▶ _Supplied information_:

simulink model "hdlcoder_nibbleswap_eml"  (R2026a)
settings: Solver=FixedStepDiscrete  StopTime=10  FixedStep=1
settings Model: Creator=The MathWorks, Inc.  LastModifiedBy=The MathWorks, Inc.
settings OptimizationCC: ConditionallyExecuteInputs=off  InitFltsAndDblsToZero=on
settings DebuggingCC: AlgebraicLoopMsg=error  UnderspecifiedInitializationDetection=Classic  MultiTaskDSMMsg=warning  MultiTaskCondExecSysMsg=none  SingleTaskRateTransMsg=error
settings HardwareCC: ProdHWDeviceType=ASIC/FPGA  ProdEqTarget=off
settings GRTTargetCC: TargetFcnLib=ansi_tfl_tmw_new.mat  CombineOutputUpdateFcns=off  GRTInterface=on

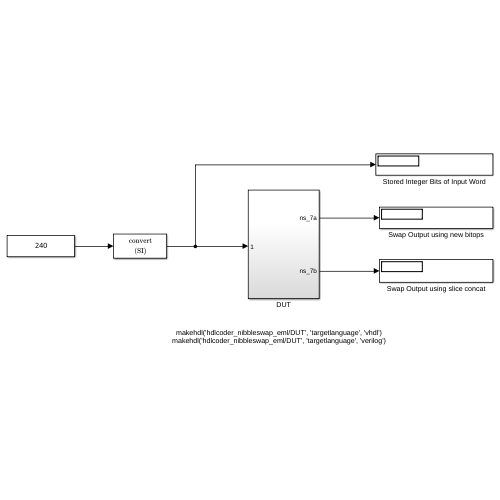
[thumbnail: Simulink's stored preview of the top-level diagram]
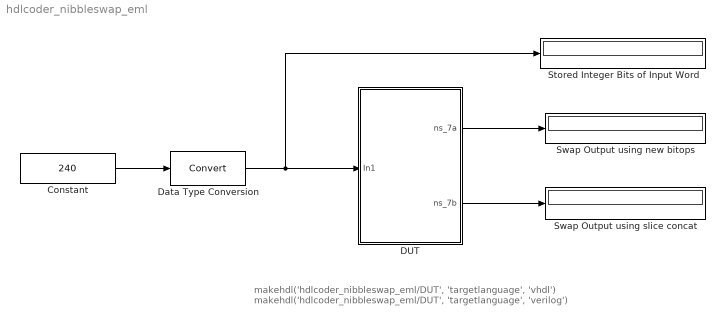
== system hdlcoder_nibbleswap_eml ==
  note: makehdl('hdlcoder_nibbleswap_eml/DUT', 'targetlanguage', 'vhdl')
      | makehdl('hdlcoder_nibbleswap_eml/DUT', 'targetlanguage', 'verilog')
  Constant : Constant  Value=240  SampleTime=1
  DUT : Subsystem
  Data Type Conversion : DataTypeConversion  ConvertRealWorld=Stored Integer (SI)  SaturateOnIntegerOverflow=off  RndMeth=Floor
  Stored Integer Bits of Input Word : Display
      settings: Format=binary (Stored Integer)
  Swap Output using new bitops : Display
      settings: Format=binary (Stored Integer)
  Swap Output using slice concat : Display
      settings: Format=binary (Stored Integer)
  wires:
  Constant/1 -> Data Type Conversion/1
  Data Type Conversion/1 -> DUT/1(In1), Stored Integer Bits of Input Word/1
  DUT/1(ns_7a) -> Swap Output using new bitops/1
  DUT/2(ns_7b) -> Swap Output using slice concat/1

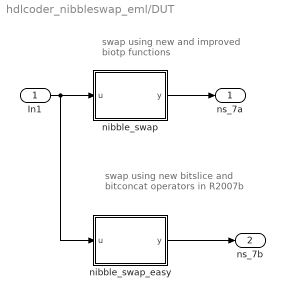
== system hdlcoder_nibbleswap_eml/DUT ==
  note: swap using new and improved
      | biotp functions
  note: swap using new
      | bitslice and bitconcat operators
      | in R2007b
  In1 : Inport
  nibble_swap : MATLAB Function  TreatAsAtomicUnit=on
  nibble_swap_easy : MATLAB Function  TreatAsAtomicUnit=on
  ns_7a : Outport
  ns_7b : Outport  Port=2
  wires:
  In1/1 -> nibble_swap_easy/1(u), nibble_swap/1(u)
  nibble_swap/1(y) -> ns_7a/1
  nibble_swap_easy/1(y) -> ns_7b/1

== matlab function hdlcoder_nibbleswap_eml/DUT/nibble_swap_easy ==
  settings: fimath=|
      | fimath(...
      | 'RoundMode', 'floor',...
      | 'OverflowMode', 'wrap',...
      | 'ProductMode', 'FullPrecision', 'ProductWordLength', 32,...
      | 'SumMode', 'FullPrecision', 'SumWordLength', 32,...
      | 'CastBeforeSum', true)
  data: u input fixdt(0,8,0); y output
function y = fcn(u)
% NIBBLE SWAP
y = bitconcat(bitsliceget(u, uint8(4), uint8(1)), bitsliceget(u, uint8(8),uint8(5)));

== matlab function hdlcoder_nibbleswap_eml/DUT/nibble_swap ==
  settings: fimath=|
      | fimath(...
      | 'RoundMode', 'floor',...
      | 'OverflowMode', 'wrap',...
      | 'ProductMode', 'FullPrecision', 'ProductWordLength', 32,...
      | 'SumMode', 'FullPrecision', 'SumWordLength', 32,...
      | 'CastBeforeSum', true)
  data: u input fixdt(0,8,0); y output
function y = fcn(u)
% NIBBLE SWAP

% assumes u is of type ufix8
% lmask = 0x0F
lmask = fi(15, 0, 8, 0, 'fimath', fimath(u));

% lmask = 0xF0
umask = bitsll(lmask, 4);

% mask upper nibble
l_nibble = bitand(u, lmask);

% mask lower nibble
u_nibble = bitand(u, umask);

% shift lower nibble left
ls = bitsll(l_nibble, 4);

% shift upper nibble right
ur = bitsrl(u_nibble, 4);

% final output
y = bitor(ls, ur);

▶ _Task instructions_: What you return must be an exact retyping of the lines above starting at the line with "and bitconcat operators" and ending at the line with "nibble_swap/1(y) -> ns_7a/1", and nothing besides.

▶ _Reply_:
      | bitslice and bitconcat operators
      | in R2007b
  In1 : Inport
  nibble_swap : MATLAB Function  TreatAsAtomicUnit=on
  nibble_swap_easy : MATLAB Function  TreatAsAtomicUnit=on
  ns_7a : Outport
  ns_7b : Outport  Port=2
  wires:
  In1/1 -> nibble_swap_easy/1(u), nibble_swap/1(u)
  nibble_swap/1(y) -> ns_7a/1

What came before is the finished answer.